[Records from a data collection]
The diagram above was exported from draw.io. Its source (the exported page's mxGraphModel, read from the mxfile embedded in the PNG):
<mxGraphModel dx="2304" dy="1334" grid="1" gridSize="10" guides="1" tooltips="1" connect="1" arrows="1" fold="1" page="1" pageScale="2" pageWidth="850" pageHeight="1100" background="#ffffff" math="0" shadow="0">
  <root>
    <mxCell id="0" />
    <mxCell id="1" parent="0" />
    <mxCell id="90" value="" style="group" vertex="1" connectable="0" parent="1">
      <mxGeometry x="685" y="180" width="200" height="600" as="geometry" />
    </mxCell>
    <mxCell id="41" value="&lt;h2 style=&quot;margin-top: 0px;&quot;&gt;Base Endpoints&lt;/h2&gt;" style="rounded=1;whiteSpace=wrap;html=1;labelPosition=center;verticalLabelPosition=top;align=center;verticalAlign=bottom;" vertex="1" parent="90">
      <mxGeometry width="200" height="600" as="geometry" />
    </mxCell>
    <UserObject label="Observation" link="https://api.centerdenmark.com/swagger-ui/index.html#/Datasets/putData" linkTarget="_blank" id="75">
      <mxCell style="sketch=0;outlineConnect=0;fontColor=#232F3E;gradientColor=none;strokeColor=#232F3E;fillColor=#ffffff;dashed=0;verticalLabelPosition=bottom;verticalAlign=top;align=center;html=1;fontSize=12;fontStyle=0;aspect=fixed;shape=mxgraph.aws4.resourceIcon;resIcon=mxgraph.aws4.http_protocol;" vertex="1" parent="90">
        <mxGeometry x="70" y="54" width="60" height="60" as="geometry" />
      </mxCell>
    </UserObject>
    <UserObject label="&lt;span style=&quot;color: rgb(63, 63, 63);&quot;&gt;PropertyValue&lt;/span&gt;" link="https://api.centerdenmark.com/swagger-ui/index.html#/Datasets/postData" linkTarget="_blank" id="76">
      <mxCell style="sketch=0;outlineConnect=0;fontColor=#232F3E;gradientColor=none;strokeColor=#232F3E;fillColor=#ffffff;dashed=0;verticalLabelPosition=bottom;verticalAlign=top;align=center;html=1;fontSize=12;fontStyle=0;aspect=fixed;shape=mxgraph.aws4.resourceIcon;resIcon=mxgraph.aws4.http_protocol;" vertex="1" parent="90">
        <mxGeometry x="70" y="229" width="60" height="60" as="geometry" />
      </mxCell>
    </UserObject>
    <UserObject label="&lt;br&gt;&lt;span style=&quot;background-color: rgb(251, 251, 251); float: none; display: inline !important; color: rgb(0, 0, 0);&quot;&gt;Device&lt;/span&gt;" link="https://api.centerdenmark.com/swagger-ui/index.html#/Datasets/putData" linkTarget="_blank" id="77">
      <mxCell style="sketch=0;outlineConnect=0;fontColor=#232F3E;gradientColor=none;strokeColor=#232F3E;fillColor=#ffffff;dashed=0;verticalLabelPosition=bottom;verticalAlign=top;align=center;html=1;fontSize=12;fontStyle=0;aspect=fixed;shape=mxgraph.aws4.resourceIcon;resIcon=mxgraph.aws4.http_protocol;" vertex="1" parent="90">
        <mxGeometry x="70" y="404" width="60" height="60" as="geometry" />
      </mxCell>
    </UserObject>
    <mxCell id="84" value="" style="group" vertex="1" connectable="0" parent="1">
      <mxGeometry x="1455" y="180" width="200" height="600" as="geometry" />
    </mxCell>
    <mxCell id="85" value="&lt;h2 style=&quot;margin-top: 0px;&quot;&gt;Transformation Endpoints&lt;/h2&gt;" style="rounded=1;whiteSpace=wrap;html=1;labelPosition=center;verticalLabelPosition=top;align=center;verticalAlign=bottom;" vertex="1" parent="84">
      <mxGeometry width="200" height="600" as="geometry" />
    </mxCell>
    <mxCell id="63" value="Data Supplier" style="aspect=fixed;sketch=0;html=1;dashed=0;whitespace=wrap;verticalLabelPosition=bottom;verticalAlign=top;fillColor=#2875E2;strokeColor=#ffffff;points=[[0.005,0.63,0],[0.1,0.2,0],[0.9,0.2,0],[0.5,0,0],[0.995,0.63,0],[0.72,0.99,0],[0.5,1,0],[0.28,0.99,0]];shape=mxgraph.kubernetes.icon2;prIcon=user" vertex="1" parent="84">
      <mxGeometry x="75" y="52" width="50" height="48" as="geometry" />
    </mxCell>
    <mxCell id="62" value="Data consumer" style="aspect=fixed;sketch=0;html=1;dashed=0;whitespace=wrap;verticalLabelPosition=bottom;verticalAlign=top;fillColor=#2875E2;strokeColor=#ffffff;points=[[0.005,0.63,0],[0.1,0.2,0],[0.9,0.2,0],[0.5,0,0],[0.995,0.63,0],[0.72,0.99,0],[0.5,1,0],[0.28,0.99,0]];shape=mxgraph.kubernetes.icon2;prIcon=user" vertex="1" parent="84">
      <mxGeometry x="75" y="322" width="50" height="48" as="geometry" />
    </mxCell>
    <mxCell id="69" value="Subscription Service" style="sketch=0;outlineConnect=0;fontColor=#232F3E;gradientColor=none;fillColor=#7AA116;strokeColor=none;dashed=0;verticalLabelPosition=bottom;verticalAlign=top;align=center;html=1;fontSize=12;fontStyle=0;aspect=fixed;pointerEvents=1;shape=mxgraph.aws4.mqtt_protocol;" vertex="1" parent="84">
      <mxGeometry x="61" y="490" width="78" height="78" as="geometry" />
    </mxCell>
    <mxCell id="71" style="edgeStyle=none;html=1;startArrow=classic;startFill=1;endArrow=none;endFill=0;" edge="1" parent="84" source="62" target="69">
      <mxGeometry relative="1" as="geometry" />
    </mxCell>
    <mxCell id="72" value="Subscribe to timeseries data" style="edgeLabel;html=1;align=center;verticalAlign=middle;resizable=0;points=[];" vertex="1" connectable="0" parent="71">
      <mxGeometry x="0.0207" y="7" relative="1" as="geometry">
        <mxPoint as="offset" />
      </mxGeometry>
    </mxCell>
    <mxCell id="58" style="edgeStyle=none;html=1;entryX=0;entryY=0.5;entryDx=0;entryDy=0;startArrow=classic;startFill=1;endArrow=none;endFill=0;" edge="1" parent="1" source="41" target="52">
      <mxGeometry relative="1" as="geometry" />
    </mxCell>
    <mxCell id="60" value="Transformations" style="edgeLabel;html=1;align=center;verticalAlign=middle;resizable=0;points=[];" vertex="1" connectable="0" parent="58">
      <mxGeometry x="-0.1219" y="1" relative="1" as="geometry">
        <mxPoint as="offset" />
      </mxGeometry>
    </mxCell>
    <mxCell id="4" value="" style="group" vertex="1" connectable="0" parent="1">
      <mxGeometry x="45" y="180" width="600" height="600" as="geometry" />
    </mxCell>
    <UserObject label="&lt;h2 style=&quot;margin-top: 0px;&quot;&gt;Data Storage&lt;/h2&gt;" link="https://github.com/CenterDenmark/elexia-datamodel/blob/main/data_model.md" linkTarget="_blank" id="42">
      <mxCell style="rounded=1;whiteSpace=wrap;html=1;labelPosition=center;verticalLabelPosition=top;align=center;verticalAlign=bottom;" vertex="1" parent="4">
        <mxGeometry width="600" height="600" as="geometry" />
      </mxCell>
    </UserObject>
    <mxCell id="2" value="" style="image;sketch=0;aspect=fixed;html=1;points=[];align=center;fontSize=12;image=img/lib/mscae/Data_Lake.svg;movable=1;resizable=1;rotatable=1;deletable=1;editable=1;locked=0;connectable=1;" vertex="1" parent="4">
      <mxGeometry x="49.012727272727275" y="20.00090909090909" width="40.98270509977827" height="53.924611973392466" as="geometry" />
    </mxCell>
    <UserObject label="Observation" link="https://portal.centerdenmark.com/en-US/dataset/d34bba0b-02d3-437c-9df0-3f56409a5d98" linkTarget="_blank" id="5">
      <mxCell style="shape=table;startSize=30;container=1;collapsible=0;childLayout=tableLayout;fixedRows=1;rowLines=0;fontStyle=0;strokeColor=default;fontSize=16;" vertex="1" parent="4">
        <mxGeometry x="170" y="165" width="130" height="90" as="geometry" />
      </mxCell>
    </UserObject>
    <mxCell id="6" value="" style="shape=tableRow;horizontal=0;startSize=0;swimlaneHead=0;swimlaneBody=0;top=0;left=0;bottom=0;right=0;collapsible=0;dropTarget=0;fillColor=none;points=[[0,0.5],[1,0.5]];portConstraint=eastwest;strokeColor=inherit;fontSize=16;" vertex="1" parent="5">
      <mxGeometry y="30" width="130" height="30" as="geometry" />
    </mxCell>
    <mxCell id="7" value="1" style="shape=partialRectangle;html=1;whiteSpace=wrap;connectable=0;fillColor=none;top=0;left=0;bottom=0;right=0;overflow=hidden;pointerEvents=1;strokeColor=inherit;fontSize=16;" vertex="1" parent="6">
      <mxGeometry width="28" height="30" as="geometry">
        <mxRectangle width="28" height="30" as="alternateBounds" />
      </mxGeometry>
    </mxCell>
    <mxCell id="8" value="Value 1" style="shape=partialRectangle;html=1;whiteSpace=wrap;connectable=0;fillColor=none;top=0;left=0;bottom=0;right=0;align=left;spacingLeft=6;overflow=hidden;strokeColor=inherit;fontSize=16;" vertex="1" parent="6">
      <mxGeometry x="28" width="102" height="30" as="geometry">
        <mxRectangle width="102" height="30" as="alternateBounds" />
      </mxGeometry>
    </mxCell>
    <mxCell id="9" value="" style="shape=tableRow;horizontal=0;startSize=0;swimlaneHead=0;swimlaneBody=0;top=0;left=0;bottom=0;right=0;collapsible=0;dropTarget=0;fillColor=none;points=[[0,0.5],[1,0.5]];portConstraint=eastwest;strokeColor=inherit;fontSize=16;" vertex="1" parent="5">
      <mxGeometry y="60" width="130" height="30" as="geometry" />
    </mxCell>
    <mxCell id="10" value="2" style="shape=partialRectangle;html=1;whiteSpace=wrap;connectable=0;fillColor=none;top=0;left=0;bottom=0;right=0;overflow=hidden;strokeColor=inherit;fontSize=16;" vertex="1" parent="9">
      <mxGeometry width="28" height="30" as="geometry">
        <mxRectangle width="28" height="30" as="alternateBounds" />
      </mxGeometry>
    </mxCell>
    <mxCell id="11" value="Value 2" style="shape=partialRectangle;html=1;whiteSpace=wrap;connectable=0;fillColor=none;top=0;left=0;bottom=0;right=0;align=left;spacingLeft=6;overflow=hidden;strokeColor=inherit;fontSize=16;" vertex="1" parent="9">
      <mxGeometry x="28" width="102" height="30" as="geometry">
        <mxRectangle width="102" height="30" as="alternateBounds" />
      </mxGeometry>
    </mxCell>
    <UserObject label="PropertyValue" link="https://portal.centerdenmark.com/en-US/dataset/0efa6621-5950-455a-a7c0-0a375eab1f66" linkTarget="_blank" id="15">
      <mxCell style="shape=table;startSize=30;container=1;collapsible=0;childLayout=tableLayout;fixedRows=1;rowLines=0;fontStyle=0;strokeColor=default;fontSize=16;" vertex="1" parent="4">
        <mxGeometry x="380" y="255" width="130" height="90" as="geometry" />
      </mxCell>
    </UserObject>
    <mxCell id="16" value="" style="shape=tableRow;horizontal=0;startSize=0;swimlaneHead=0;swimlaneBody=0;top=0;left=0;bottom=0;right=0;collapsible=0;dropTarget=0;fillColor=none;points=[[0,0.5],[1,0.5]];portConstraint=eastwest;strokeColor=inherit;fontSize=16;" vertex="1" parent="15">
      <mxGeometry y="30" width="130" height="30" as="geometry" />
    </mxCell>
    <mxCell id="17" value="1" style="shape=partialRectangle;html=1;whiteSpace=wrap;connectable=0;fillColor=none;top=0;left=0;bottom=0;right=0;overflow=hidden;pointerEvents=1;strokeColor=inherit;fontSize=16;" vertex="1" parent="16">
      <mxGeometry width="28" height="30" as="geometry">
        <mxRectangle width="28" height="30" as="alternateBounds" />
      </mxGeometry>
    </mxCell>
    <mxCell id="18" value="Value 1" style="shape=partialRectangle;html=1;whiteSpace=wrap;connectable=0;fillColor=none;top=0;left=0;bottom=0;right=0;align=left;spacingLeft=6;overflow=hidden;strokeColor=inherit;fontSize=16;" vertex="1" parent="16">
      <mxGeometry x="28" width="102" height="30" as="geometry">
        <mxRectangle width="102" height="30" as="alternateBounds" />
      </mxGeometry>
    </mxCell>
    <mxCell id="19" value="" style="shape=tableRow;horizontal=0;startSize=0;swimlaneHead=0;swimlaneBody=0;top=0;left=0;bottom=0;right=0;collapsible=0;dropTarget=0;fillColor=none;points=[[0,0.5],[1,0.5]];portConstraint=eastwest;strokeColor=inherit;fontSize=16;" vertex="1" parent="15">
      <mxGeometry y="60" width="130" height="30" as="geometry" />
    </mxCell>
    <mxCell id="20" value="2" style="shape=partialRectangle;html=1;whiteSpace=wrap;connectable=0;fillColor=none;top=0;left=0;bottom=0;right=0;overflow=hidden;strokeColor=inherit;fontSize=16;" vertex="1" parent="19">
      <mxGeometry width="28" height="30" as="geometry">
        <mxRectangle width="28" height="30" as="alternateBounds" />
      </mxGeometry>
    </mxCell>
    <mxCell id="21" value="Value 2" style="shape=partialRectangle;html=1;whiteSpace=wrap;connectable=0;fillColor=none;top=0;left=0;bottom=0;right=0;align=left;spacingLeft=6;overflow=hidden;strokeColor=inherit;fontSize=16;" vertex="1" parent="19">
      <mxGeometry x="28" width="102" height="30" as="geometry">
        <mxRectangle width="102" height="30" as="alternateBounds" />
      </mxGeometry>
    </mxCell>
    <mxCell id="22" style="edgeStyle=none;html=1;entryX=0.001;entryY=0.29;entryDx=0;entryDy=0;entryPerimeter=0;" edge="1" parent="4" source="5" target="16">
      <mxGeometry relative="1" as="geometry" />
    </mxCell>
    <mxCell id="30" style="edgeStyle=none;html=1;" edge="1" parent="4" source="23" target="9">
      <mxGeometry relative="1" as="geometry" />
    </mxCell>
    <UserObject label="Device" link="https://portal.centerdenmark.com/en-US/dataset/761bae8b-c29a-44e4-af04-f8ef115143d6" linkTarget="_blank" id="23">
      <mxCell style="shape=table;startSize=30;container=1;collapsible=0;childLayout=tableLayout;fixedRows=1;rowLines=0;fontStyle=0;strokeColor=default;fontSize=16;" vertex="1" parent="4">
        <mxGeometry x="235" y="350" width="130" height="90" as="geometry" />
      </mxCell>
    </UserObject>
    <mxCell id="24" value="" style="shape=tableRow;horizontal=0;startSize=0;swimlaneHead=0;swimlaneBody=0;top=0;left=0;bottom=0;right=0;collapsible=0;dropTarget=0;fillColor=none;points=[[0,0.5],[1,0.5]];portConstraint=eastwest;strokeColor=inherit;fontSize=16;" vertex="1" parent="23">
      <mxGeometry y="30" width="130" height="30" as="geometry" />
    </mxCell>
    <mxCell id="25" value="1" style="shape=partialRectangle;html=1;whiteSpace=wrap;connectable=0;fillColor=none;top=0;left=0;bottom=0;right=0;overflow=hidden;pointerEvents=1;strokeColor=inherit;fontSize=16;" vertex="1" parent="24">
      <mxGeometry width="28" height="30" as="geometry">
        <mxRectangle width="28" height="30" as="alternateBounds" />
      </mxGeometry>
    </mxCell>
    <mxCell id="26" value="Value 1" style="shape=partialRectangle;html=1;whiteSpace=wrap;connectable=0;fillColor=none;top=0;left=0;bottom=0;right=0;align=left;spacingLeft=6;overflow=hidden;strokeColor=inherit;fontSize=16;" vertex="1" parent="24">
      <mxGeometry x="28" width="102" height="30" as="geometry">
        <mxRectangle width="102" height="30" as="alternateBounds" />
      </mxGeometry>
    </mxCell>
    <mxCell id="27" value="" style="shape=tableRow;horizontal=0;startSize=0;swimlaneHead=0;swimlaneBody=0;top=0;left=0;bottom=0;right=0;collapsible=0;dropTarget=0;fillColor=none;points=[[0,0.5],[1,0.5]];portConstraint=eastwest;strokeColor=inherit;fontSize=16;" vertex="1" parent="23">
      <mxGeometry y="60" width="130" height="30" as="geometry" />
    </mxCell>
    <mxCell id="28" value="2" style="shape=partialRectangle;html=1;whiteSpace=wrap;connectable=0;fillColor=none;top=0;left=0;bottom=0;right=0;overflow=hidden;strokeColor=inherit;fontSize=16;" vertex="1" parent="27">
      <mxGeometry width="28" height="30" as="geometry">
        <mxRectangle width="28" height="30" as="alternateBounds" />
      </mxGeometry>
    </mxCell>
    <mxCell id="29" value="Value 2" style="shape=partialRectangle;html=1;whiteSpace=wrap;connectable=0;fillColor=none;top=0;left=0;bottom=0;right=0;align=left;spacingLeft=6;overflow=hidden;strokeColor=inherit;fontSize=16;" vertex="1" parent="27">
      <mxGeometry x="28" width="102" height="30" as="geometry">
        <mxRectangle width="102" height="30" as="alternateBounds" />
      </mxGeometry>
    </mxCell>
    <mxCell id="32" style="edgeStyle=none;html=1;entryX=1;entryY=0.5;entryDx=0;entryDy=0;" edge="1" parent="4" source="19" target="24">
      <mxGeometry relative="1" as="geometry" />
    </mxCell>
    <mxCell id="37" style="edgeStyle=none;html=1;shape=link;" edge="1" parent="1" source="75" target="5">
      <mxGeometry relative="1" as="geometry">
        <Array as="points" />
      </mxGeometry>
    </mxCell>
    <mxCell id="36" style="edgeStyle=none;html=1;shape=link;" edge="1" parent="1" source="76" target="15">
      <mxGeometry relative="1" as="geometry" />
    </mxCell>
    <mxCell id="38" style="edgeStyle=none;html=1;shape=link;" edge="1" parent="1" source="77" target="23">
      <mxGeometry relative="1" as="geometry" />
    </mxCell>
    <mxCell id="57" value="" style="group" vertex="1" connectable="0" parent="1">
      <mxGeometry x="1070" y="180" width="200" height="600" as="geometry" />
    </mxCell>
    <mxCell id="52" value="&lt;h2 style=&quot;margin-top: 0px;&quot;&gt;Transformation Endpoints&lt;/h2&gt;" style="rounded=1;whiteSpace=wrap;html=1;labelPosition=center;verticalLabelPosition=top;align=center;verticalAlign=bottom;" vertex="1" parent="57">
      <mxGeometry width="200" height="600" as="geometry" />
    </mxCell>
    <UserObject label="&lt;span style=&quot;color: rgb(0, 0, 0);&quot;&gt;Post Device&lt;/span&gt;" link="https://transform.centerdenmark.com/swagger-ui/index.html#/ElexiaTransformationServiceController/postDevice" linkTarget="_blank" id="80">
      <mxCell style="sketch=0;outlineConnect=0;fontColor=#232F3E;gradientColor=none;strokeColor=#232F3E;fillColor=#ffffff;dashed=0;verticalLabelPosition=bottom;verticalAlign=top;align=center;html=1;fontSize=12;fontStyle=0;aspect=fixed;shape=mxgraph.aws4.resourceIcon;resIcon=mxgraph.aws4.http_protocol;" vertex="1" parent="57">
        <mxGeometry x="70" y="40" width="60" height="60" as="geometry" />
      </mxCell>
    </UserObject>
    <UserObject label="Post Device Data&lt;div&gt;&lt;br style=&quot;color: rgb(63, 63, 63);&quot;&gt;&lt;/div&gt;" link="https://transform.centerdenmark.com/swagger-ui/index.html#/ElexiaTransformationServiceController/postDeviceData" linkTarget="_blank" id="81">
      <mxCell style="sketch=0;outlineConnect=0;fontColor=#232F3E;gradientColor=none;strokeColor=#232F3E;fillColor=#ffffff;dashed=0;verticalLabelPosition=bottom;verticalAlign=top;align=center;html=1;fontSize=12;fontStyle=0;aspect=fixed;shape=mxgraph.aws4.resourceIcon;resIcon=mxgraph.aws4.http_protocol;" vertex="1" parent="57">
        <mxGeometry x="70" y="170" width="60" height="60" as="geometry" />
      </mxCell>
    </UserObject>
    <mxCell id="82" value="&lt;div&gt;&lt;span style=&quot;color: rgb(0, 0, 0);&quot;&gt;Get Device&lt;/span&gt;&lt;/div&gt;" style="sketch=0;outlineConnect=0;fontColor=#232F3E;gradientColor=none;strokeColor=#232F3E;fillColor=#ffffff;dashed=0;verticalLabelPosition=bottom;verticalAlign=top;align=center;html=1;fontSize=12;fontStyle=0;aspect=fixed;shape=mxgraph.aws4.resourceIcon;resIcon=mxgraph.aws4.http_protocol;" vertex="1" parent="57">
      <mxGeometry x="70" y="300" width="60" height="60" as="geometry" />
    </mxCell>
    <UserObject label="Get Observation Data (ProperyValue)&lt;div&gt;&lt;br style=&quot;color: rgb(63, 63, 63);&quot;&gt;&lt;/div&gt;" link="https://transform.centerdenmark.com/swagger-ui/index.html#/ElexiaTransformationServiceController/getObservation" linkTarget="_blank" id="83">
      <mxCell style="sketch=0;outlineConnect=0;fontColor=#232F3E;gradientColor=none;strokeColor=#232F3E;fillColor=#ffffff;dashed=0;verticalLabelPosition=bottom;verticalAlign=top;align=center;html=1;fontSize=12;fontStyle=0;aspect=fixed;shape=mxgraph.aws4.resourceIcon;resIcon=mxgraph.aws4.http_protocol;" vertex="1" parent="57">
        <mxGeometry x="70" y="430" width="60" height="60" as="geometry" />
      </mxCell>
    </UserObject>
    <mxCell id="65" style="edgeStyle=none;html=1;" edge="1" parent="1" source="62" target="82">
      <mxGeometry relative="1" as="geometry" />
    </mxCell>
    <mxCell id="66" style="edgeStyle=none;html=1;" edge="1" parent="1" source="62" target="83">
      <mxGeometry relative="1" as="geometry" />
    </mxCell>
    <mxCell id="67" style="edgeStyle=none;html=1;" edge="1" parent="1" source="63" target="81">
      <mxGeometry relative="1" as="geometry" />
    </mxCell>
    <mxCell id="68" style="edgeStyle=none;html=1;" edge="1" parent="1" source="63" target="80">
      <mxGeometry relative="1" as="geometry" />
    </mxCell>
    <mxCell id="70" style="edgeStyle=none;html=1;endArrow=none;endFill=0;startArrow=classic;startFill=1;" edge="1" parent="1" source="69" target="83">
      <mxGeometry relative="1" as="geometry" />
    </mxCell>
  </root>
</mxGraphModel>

→ Problem description:
Pick every line of the data that includes the string "middle".

→ Written response:
    <mxCell id="72" value="Subscribe to timeseries data" style="edgeLabel;html=1;align=center;verticalAlign=middle;resizable=0;points=[];" vertex="1" connectable="0" parent="71">
    <mxCell id="60" value="Transformations" style="edgeLabel;html=1;align=center;verticalAlign=middle;resizable=0;points=[];" vertex="1" connectable="0" parent="58">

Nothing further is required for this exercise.